* _PROBLEM TO WORK ON_
The response must consist of the records below, copied exactly.

DATA PROVIDED below:

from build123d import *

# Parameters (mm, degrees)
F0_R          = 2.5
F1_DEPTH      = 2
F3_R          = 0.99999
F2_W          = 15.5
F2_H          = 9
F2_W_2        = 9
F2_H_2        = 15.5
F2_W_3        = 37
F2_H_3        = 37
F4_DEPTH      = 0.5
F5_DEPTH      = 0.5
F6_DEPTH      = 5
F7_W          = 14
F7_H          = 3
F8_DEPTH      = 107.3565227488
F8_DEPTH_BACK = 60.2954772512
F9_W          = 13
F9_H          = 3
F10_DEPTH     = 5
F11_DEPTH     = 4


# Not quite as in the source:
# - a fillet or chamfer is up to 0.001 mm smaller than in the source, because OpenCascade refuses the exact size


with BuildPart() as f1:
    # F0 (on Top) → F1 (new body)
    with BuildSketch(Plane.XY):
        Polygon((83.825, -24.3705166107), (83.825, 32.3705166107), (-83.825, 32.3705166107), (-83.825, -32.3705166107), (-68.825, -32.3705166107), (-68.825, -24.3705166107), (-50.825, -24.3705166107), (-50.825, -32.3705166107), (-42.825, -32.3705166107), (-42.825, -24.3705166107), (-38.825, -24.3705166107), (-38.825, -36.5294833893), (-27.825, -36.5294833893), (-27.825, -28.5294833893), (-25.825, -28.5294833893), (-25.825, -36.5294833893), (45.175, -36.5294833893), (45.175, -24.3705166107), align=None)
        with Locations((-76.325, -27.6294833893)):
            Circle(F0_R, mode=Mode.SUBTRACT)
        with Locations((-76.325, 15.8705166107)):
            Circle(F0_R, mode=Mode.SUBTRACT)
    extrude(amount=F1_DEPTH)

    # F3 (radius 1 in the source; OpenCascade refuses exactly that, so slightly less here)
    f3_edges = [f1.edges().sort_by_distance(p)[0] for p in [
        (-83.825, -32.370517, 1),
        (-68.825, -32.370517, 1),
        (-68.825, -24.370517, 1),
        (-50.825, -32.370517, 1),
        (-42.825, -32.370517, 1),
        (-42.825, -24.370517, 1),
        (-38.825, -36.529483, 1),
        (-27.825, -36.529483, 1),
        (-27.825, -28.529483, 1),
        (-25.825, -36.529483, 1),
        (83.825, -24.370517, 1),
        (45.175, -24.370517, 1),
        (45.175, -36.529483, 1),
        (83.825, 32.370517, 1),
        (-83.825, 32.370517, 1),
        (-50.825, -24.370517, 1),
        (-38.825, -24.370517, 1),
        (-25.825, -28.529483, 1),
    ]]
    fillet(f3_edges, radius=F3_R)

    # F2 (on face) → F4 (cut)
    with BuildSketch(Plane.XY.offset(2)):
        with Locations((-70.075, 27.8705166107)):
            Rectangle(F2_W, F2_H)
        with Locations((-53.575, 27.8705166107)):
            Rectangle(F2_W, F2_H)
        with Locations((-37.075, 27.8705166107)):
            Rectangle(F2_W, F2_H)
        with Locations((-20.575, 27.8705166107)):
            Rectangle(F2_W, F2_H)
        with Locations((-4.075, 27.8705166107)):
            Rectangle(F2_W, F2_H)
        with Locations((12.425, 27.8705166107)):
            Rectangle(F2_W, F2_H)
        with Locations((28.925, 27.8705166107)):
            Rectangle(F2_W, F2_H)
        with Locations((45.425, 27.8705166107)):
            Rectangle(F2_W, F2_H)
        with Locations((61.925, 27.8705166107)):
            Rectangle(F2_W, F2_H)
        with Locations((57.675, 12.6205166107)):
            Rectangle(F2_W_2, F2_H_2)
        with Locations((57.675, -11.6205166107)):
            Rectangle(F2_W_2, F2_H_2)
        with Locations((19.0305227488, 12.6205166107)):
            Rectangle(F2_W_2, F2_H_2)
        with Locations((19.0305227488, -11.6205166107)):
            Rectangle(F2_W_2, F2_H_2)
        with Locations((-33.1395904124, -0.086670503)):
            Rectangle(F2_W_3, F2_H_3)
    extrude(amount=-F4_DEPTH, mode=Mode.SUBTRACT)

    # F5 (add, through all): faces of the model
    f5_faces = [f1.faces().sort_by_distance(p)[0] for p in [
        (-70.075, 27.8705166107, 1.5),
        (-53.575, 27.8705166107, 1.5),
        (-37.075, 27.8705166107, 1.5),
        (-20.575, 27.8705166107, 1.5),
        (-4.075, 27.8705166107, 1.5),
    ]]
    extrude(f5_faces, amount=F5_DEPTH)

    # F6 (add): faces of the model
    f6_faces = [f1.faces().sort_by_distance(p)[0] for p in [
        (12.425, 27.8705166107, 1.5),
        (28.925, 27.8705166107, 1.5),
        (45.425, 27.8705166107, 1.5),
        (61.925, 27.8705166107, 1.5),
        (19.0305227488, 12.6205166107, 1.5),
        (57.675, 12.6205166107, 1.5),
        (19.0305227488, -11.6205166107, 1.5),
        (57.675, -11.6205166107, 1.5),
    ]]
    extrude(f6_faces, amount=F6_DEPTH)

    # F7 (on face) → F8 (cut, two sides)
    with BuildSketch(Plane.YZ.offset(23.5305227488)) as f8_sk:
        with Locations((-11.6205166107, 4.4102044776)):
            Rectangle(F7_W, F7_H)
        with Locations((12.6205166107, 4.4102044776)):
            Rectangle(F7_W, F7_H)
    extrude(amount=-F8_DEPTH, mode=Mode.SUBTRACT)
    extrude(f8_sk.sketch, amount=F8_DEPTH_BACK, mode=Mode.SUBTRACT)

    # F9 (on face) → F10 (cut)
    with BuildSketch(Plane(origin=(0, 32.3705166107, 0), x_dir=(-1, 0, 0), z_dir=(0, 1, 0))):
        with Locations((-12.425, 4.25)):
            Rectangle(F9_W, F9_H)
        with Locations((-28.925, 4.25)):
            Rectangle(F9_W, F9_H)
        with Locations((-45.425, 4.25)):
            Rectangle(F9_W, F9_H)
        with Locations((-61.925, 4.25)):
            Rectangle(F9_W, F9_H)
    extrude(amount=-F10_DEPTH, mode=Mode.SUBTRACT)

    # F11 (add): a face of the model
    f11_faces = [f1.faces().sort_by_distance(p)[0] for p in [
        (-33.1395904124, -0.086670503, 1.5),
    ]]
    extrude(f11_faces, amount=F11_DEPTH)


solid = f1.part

End of DATA PROVIDED.

* _TASK OUTPUT_
from build123d import *

# Parameters (mm, degrees)
F0_R          = 2.5
F1_DEPTH      = 2
F3_R          = 0.99999
F2_W          = 15.5
F2_H          = 9
F2_W_2        = 9
F2_H_2        = 15.5
F2_W_3        = 37
F2_H_3        = 37
F4_DEPTH      = 0.5
F5_DEPTH      = 0.5
F6_DEPTH      = 5
F7_W          = 14
F7_H          = 3
F8_DEPTH      = 107.3565227488
F8_DEPTH_BACK = 60.2954772512
F9_W          = 13
F9_H          = 3
F10_DEPTH     = 5
F11_DEPTH     = 4


# Not quite as in the source:
# - a fillet or chamfer is up to 0.001 mm smaller than in the source, because OpenCascade refuses the exact size


with BuildPart() as f1:
    # F0 (on Top) → F1 (new body)
    with BuildSketch(Plane.XY):
        Polygon((83.825, -24.3705166107), (83.825, 32.3705166107), (-83.825, 32.3705166107), (-83.825, -32.3705166107), (-68.825, -32.3705166107), (-68.825, -24.3705166107), (-50.825, -24.3705166107), (-50.825, -32.3705166107), (-42.825, -32.3705166107), (-42.825, -24.3705166107), (-38.825, -24.3705166107), (-38.825, -36.5294833893), (-27.825, -36.5294833893), (-27.825, -28.5294833893), (-25.825, -28.5294833893), (-25.825, -36.5294833893), (45.175, -36.5294833893), (45.175, -24.3705166107), align=None)
        with Locations((-76.325, -27.6294833893)):
            Circle(F0_R, mode=Mode.SUBTRACT)
        with Locations((-76.325, 15.8705166107)):
            Circle(F0_R, mode=Mode.SUBTRACT)
    extrude(amount=F1_DEPTH)

    # F3 (radius 1 in the source; OpenCascade refuses exactly that, so slightly less here)
    f3_edges = [f1.edges().sort_by_distance(p)[0] for p in [
        (-83.825, -32.370517, 1),
        (-68.825, -32.370517, 1),
        (-68.825, -24.370517, 1),
        (-50.825, -32.370517, 1),
        (-42.825, -32.370517, 1),
        (-42.825, -24.370517, 1),
        (-38.825, -36.529483, 1),
        (-27.825, -36.529483, 1),
        (-27.825, -28.529483, 1),
        (-25.825, -36.529483, 1),
        (83.825, -24.370517, 1),
        (45.175, -24.370517, 1),
        (45.175, -36.529483, 1),
        (83.825, 32.370517, 1),
        (-83.825, 32.370517, 1),
        (-50.825, -24.370517, 1),
        (-38.825, -24.370517, 1),
        (-25.825, -28.529483, 1),
    ]]
    fillet(f3_edges, radius=F3_R)

    # F2 (on face) → F4 (cut)
    with BuildSketch(Plane.XY.offset(2)):
        with Locations((-70.075, 27.8705166107)):
            Rectangle(F2_W, F2_H)
        with Locations((-53.575, 27.8705166107)):
            Rectangle(F2_W, F2_H)
        with Locations((-37.075, 27.8705166107)):
            Rectangle(F2_W, F2_H)
        with Locations((-20.575, 27.8705166107)):
            Rectangle(F2_W, F2_H)
        with Locations((-4.075, 27.8705166107)):
            Rectangle(F2_W, F2_H)
        with Locations((12.425, 27.8705166107)):
            Rectangle(F2_W, F2_H)
        with Locations((28.925, 27.8705166107)):
            Rectangle(F2_W, F2_H)
        with Locations((45.425, 27.8705166107)):
            Rectangle(F2_W, F2_H)
        with Locations((61.925, 27.8705166107)):
            Rectangle(F2_W, F2_H)
        with Locations((57.675, 12.6205166107)):
            Rectangle(F2_W_2, F2_H_2)
        with Locations((57.675, -11.6205166107)):
            Rectangle(F2_W_2, F2_H_2)
        with Locations((19.0305227488, 12.6205166107)):
            Rectangle(F2_W_2, F2_H_2)
        with Locations((19.0305227488, -11.6205166107)):
            Rectangle(F2_W_2, F2_H_2)
        with Locations((-33.1395904124, -0.086670503)):
            Rectangle(F2_W_3, F2_H_3)
    extrude(amount=-F4_DEPTH, mode=Mode.SUBTRACT)

    # F5 (add, through all): faces of the model
    f5_faces = [f1.faces().sort_by_distance(p)[0] for p in [
        (-70.075, 27.8705166107, 1.5),
        (-53.575, 27.8705166107, 1.5),
        (-37.075, 27.8705166107, 1.5),
        (-20.575, 27.8705166107, 1.5),
        (-4.075, 27.8705166107, 1.5),
    ]]
    extrude(f5_faces, amount=F5_DEPTH)

    # F6 (add): faces of the model
    f6_faces = [f1.faces().sort_by_distance(p)[0] for p in [
        (12.425, 27.8705166107, 1.5),
        (28.925, 27.8705166107, 1.5),
        (45.425, 27.8705166107, 1.5),
        (61.925, 27.8705166107, 1.5),
        (19.0305227488, 12.6205166107, 1.5),
        (57.675, 12.6205166107, 1.5),
        (19.0305227488, -11.6205166107, 1.5),
        (57.675, -11.6205166107, 1.5),
    ]]
    extrude(f6_faces, amount=F6_DEPTH)

    # F7 (on face) → F8 (cut, two sides)
    with BuildSketch(Plane.YZ.offset(23.5305227488)) as f8_sk:
        with Locations((-11.6205166107, 4.4102044776)):
            Rectangle(F7_W, F7_H)
        with Locations((12.6205166107, 4.4102044776)):
            Rectangle(F7_W, F7_H)
    extrude(amount=-F8_DEPTH, mode=Mode.SUBTRACT)
    extrude(f8_sk.sketch, amount=F8_DEPTH_BACK, mode=Mode.SUBTRACT)

    # F9 (on face) → F10 (cut)
    with BuildSketch(Plane(origin=(0, 32.3705166107, 0), x_dir=(-1, 0, 0), z_dir=(0, 1, 0))):
        with Locations((-12.425, 4.25)):
            Rectangle(F9_W, F9_H)
        with Locations((-28.925, 4.25)):
            Rectangle(F9_W, F9_H)
        with Locations((-45.425, 4.25)):
            Rectangle(F9_W, F9_H)
        with Locations((-61.925, 4.25)):
            Rectangle(F9_W, F9_H)
    extrude(amount=-F10_DEPTH, mode=Mode.SUBTRACT)

    # F11 (add): a face of the model
    f11_faces = [f1.faces().sort_by_distance(p)[0] for p in [
        (-33.1395904124, -0.086670503, 1.5),
    ]]
    extrude(f11_faces, amount=F11_DEPTH)


solid = f1.part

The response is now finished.